In this study of ev-DED patients and healthy controls, we analyzed the cell lineage, viability, apoptosis, death, and cell cycle stage in single samples of BC-collected conjunctival cells. The procedure of BC itself is minimally invasive and caused no detectable harm to the patient. Although they constituted only a small proportion of the total cells recovered by BC, we determined the percentages of intraepithelial B cells, T-helper cells, T-cytotoxic cells, and NK cells. The healthy controls were slightly older than the ev-DED patients; however, this age difference was not high enough to be responsible for the observed immune differences between the two groups. Moreover, the observed values for the younger patients in our study were opposite those expected; thus, age apparently did not interfere with the results. 
Although patients with mild to moderate ev-DED had the same proportion of total IELs as did healthy controls, they had fewer live cells, more apoptotic and dead cells, and fewer proliferating cells than the controls.

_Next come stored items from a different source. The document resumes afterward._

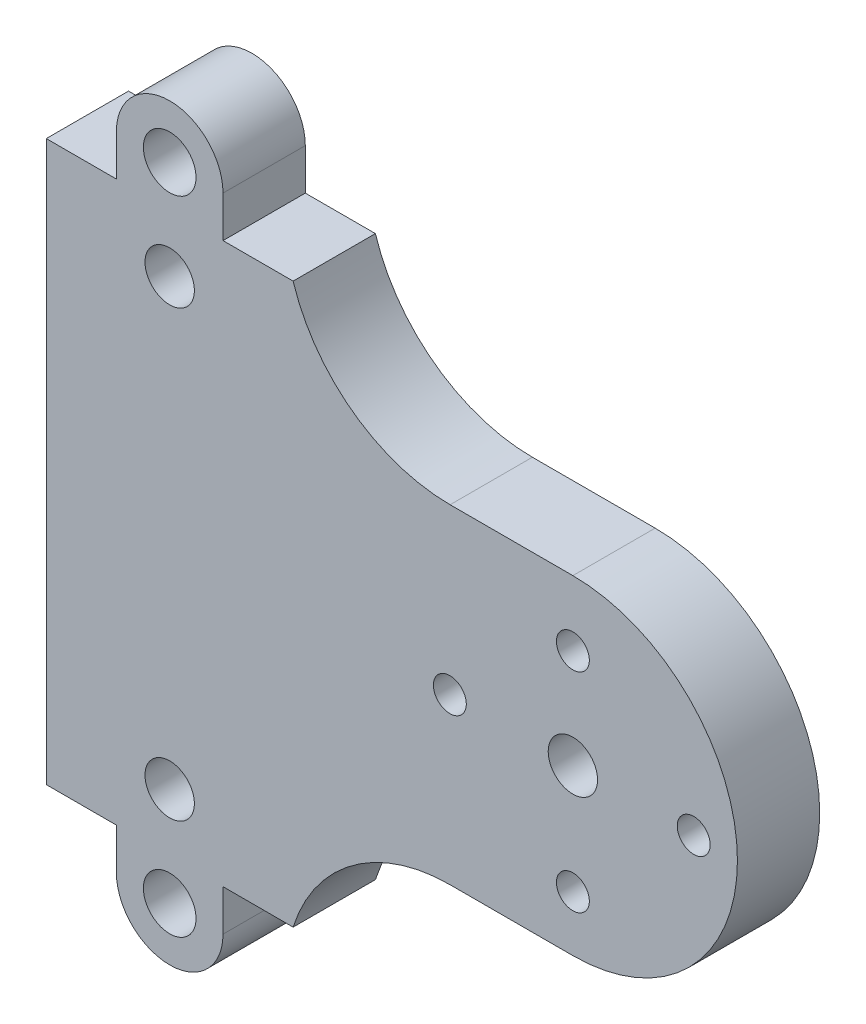
SolidWorks part; units mm, degrees
ref_plane "Plan de face" through (0, 0, 0) normal (0, 0, 1) x (1, 0, 0)
ref_plane "Plan de dessus" through (0, 0, 0) normal (0, 1, 0) x (1, 0, 0)
ref_plane "Plan de droite" through (0, 0, 0) normal (1, 0, 0) x (0, 0, -1)
sketch "Esquisse1" plane through (0, 0, 0) normal (0, 0, 1) x (1, 0, 0)
  line L0 (-13.5846, -30.0471) -> (-13.5846, -25.5471)
  line L1 (-13.8346, -25.2971) -> (-16.3346, -25.2971)
  line L2 (-16.5846, -25.0471) -> (-16.5846, 6.4529)
  line L3 (-16.3346, 6.7029) -> (-13.8346, 6.7029)
  line L4 (-13.5846, 6.9529) -> (-13.5846, 11.4529)
  line L5 (-13.3346, 11.7029) -> (-8.5846, 11.7029)
  line L6 (-8.5846, 11.7029) -> (-8.5846, 6.7029)
  line L7 (-8.5846, 6.7029) -> (-7.4918, 6.7029)
  line L8 (-7.4918, 6.7029) -> (-4.0345, 6.7029)
  line L9 (-4.0345, -25.2971) -> (-7.4918, -25.2971)
  line L10 (-7.4918, -25.2971) -> (-8.5846, -25.2971)
  line L11 (-8.5846, -25.2971) -> (-8.5846, -30.2971)
  line L12 (-8.5846, -30.2971) -> (-13.3346, -30.2971)
  line L13 (-13.3346, -30.2971) -> (-13.5846, -30.2971)
  line L14 (-13.5846, -30.2971) -> (-13.5846, -30.0471)
  line L15 (-13.5846, -25.5471) -> (-13.5846, -25.2971)
  line L16 (-13.5846, -25.2971) -> (-13.8346, -25.2971)
  line L17 (-16.3346, -25.2971) -> (-16.5846, -25.2971)
  line L18 (-16.5846, -25.2971) -> (-16.5846, -25.0471)
  line L19 (-16.3346, 6.7029) -> (-16.5846, 6.7029)
  line L20 (-16.5846, 6.7029) -> (-16.5846, 6.4529)
  line L21 (-13.5846, 6.9529) -> (-13.5846, 6.7029)
  line L22 (-13.5846, 6.7029) -> (-13.8346, 6.7029)
  line L23 (-13.5846, 11.4529) -> (-13.5846, 11.7029)
  line L24 (-13.5846, 11.7029) -> (-13.3346, 11.7029)
  arc A0 (3.4488, 4.7029) -> (-4.0345, 6.7029) centre (-4.0345, -8.2971) ccw
  arc A1 (3.4488, 4.7029) -> (18.4154, 0.7029) centre (18.4154, 30.7029) ccw
  arc A2 (18.4154, -19.2971) -> (18.4154, 0.7029) centre (18.4154, -9.2971) ccw
  arc A3 (18.4154, -19.2971) -> (3.4488, -23.2971) centre (18.4154, -49.2971) ccw
  arc A4 (-4.0345, -25.2971) -> (3.4488, -23.2971) centre (-4.0345, -10.2971) ccw
  circle A5 centre (18.4779, -2.2971) radius 1
  circle A6 centre (25.4154, -9.3596) radius 1
  circle A7 centre (18.4154, -9.2971) radius 1.5
  circle A8 centre (11.4154, -9.2347) radius 1
  circle A9 centre (18.3529, -16.2971) radius 1
extrude "Boss.-Extru.1" add sketch "Esquisse1" along normal blind 5
sketch "Esquisse2" plane through (0, 0, 0) normal (0, 0, -1) x (-1, 0, 0)
  line L0 (-18.4154, -9.2971) -> (7.3764, -9.2971) construction
  line L2 (1.5846, -19.2971) -> (1.5846, -26.2971) construction
  line L3 (4.0345, 6.7029) -> (8.5846, 6.7029) construction
  line L4 (1.5846, -19.2971) -> (1.5846, -25.2971)
  line L5 (-26.8332, -33.657) -> (-26.1987, -19.2971)
  line L6 (21.5846, -33.657) -> (-26.8332, -33.657)
  line L7 (21.5846, 7.7029) -> (1.5846, 7.7029)
  line L8 (21.5846, -26.2971) -> (21.5846, -33.657)
  line L9 (1.5846, 6.7029) -> (1.5846, 7.7029)
  line L10 (-26.1987, -19.2971) -> (1.5846, -19.2971)
  line L11 (1.5846, -25.2971) -> (1.5846, -26.2971)
  line L12 (-26.1987, 0.7029) -> (1.5846, 0.7029)
  line L13 (21.5846, -26.2971) -> (1.5846, -26.2971)
  line L15 (21.5846, 7.7029) -> (21.5846, 15.0627)
  line L16 (21.5846, 15.0627) -> (-26.8332, 15.0627)
  line L17 (-26.8332, 15.0627) -> (-26.1987, 0.7029)
  line L18 (1.5846, 0.7029) -> (1.5846, 7.7029) construction
  line L19 (1.5846, 0.7029) -> (1.5846, 6.7029)
  arc A1 (-18.4154, 0.7029) -> (-18.4154, -19.2971) centre (-18.4154, -9.2971) ccw construction
extrude "Enlèv. mat.-Extru.1" cut sketch "Esquisse2" against normal blind 5
sketch "Esquisse3" plane through (0, 0, 0) normal (0, 0, -1) x (-1, 0, 0)
  line L0 (8.5846, 7.7029) -> (13.5846, 7.7029) construction
  line L1 (21.5846, -26.2971) -> (1.5846, -26.2971)
  line L2 (21.5846, -26.2971) -> (21.5846, 7.7029)
  line L3 (21.5846, 7.7029) -> (1.5846, 7.7029)
  line L4 (1.5846, -26.2971) -> (1.5846, 7.7029)
  line L5 (13.5846, -26.2971) -> (8.5846, -26.2971) construction
  dimension "D1" = 0
  dimension "D2" = 20
  dimension "D3" = 0
extrude "Boss.-Extru.2" add sketch "Esquisse3" against normal blind 5
sketch "Esquisse4" plane through (0, 0, 0) normal (0, 0, -1) x (-1, 0, 0)
  line L1 (21.5846, -26.2971) -> (1.5846, -26.2971) construction
  line L2 (1.5846, -26.2971) -> (1.5846, -19.2971) construction
  line L4 (28.8831, -28.9494) -> (19.0846, -28.9494)
  line L5 (28.8831, -28.9494) -> (28.8831, 10.9087)
  line L6 (28.8831, 10.9087) -> (19.0846, 10.9087)
  line L7 (19.0846, -28.9494) -> (19.0846, 10.9087)
  circle A0 centre (9.0846, -22.7971) radius 1.5
  circle A1 centre (9.0846, 4.2029) radius 1.5
  dimension "D1" = 7.5
  dimension "D4" = 3
  dimension "D5" = 3
  dimension "D6" = 10
  dimension "D2" = 27
  dimension "D3" = 3.5
extrude "Enlèv. mat.-Extru.2" cut sketch "Esquisse4" against normal blind 5
sketch "Esquisse5" plane through (0, 0, 0) normal (0, 0, -1) x (-1, 0, 0)
  line L1 (1.5846, -26.2971) -> (-0.9154, -26.2971)
  line L2 (1.5846, -26.2971) -> (1.5846, 7.7029)
  line L3 (1.5846, 7.7029) -> (-0.9154, 7.7029)
  line L4 (-0.9154, -26.2971) -> (-0.9154, 7.7029)
  circle A0 centre (9.0846, -22.7971) radius 1.5 construction
  dimension "D1" = 10
extrude "Boss.-Extru.3" add sketch "Esquisse5" against normal up to vertex (5 mm away)
sketch "Esquisse6" plane through (0, 0, 0) normal (0, 0, -1) x (-1, 0, 0)
  line L0 (19.0846, -26.2971) -> (-0.9154, -26.2971) construction
  line L1 (-0.9154, 7.7029) -> (19.0846, 7.7029) construction
  line L2 (12.3246, -25.1248) -> (5.8446, -25.1248)
  line L4 (12.3246, -28.7971) -> (12.3246, -25.1248)
  line L6 (5.8446, -28.7971) -> (5.8446, -25.1248)
  line L7 (12.3246, 6.7577) -> (5.8446, 6.7577)
  line L8 (5.8446, 6.7577) -> (5.8446, 10.2029)
  line L9 (12.3246, 6.7577) -> (12.3246, 10.2029)
  circle A0 centre (9.0846, -28.7971) radius 1.6
  circle A1 centre (9.0846, 10.2029) radius 1.6
  arc A2 (5.8446, -28.7971) -> (12.3246, -28.7971) centre (9.0846, -28.7971) ccw
  arc A3 (12.3246, 10.2029) -> (5.8446, 10.2029) centre (9.0846, 10.2029) ccw
  circle A5 centre (9.0846, -22.7971) radius 1.5 construction
  dimension "D1" = 3.2
  dimension "D2" = 3.2
  dimension "D3" = 2.5
  dimension "D4" = 2.5
  dimension "D5" = 0
  dimension "D6" = 6.48
  dimension "D7" = 6.48
extrude "Boss.-Extru.4" add sketch "Esquisse6" against normal up to vertex (5 mm away)
sketch "Esquisse8" plane through (0, 0, 0) normal (0, 0, -1) x (-1, 0, 0)
  line L1 (1.5846, -38.4608) -> (-41.547, -38.4608)
  line L2 (1.5846, -38.4608) -> (1.5846, 10.3249)
  line L3 (1.5846, 10.3249) -> (-41.547, 10.3249)
  line L4 (-41.547, -38.4608) -> (-41.547, 10.3249)
  line L5 (11.5846, -22.4929) -> (6.5846, -22.4929) construction
  line L9 (29.789, -39.0457) -> (16.5846, -39.0457)
  line L10 (29.789, -39.0457) -> (29.789, 8.4016)
  line L11 (29.789, 8.4016) -> (16.5846, 8.4016)
  line L12 (16.5846, -39.0457) -> (16.5846, 8.4016)
  circle A1 centre (9.0846, -22.7971) radius 1.5 construction
  dimension "D1" = 5
  dimension "D2" = 2.5
  dimension "D3" = 2.5
  dimension "D4" = 5
extrude "Enlèv. mat.-Extru.3" cut sketch "Esquisse8" against normal blind 10
sketch "Esquisse9" plane through (0, 0, 0) normal (0, 0, -1) x (-1, 0, 0)
  line L11 (1.5846, -26.2971) -> (1.5846, 7.7029) construction
  line L12 (16.5846, 7.7029) -> (16.5846, -26.2971) construction
  line L14 (-15.4154, -19.2971) -> (1.5846, -19.2971)
  line L16 (-15.4154, 0.7029) -> (1.5846, 0.7029)
  line L17 (1.5846, -19.2971) -> (1.5846, 0.7029)
  circle A16 centre (-15.4154, -9.2971) radius 1.5
  arc A17 (-15.4154, 0.7029) -> (-15.4154, -19.2971) centre (-15.4154, -9.2971) ccw
  circle A19 centre (-15.4154, -15.9342) radius 1
  circle A20 centre (-22.7581, -9.2971) radius 1
  circle A21 centre (-15.4154, -3.2557) radius 1
  circle A22 centre (-7.9385, -9.2971) radius 1
  point P53 (16.5846, -9.2971)
  point P63 (0, 0)
  point P64 (0, 0)
  point P65 (0, 0)
  point P66 (0, 0)
  dimension "D1" = 20
  dimension "D2" = 2
  dimension "D3" = 3
  dimension "D4" = 2
  dimension "D5" = 2
  dimension "D6" = 2
extrude "Boss.-Extru.5" add sketch "Esquisse9" against normal up to vertex (5 mm away) up to point (-1.5846, -26.2971, 5)
fillet "Congé1" radius 10 2 edges at (-1.5846, 0.7029, 2.5) (-1.5846, -19.2971, 2.5)

Treatment with lid hygiene, unpreserved artificial tears, and a 3-week course of topical unpreserved steroids resulted in improved symptoms for approximately 87% of the patients. Treatment also decreased the number of T-helper cells while it increased the T-cytotoxic cells, thus decreasing the CD4/CD8 ratio. Treatment also increased the early apoptosis of less complex cells and caused no changes in the stages of proliferating cells. The dexamethasone-associated decrease of CD4 cells and the increase of CD8 cells and apoptosis has been previously described not only in the mucosal immune system 45,46 but also in the peripheral blood of different animal models 47 and in humans. 48,49  
The apparent contradiction of dexamethasone treatment altering all immune parameters in the opposite direction from healthy subjects is well documented. 45 49 Long-term posttreatment assay will be required to determine whether these parameters return to healthy levels over time. 
To our knowledge, this is the first exhaustive study that investigates IEL subpopulations within the eye-associated lymphoid tissue. The encountered IEL subsets are different from those described in the gut epithelia. 50 52 Moreover, gut IELs are present in both the small and the large intestine, but their frequencies vary within the gut areas, suggesting a specialized anatomic and divergent immune functionality. 50 More studies must be conducted to elucidate the functional signification of the differences between gut and eye IELs. 
Finally, the viability, the proliferative capacity, and the proportion of large complex cells to small, less complex cells may also serve as diagnostic tools of this particular DED subgroup. Further follow-up of this series, together with more patients, are necessary to confirm these observations. 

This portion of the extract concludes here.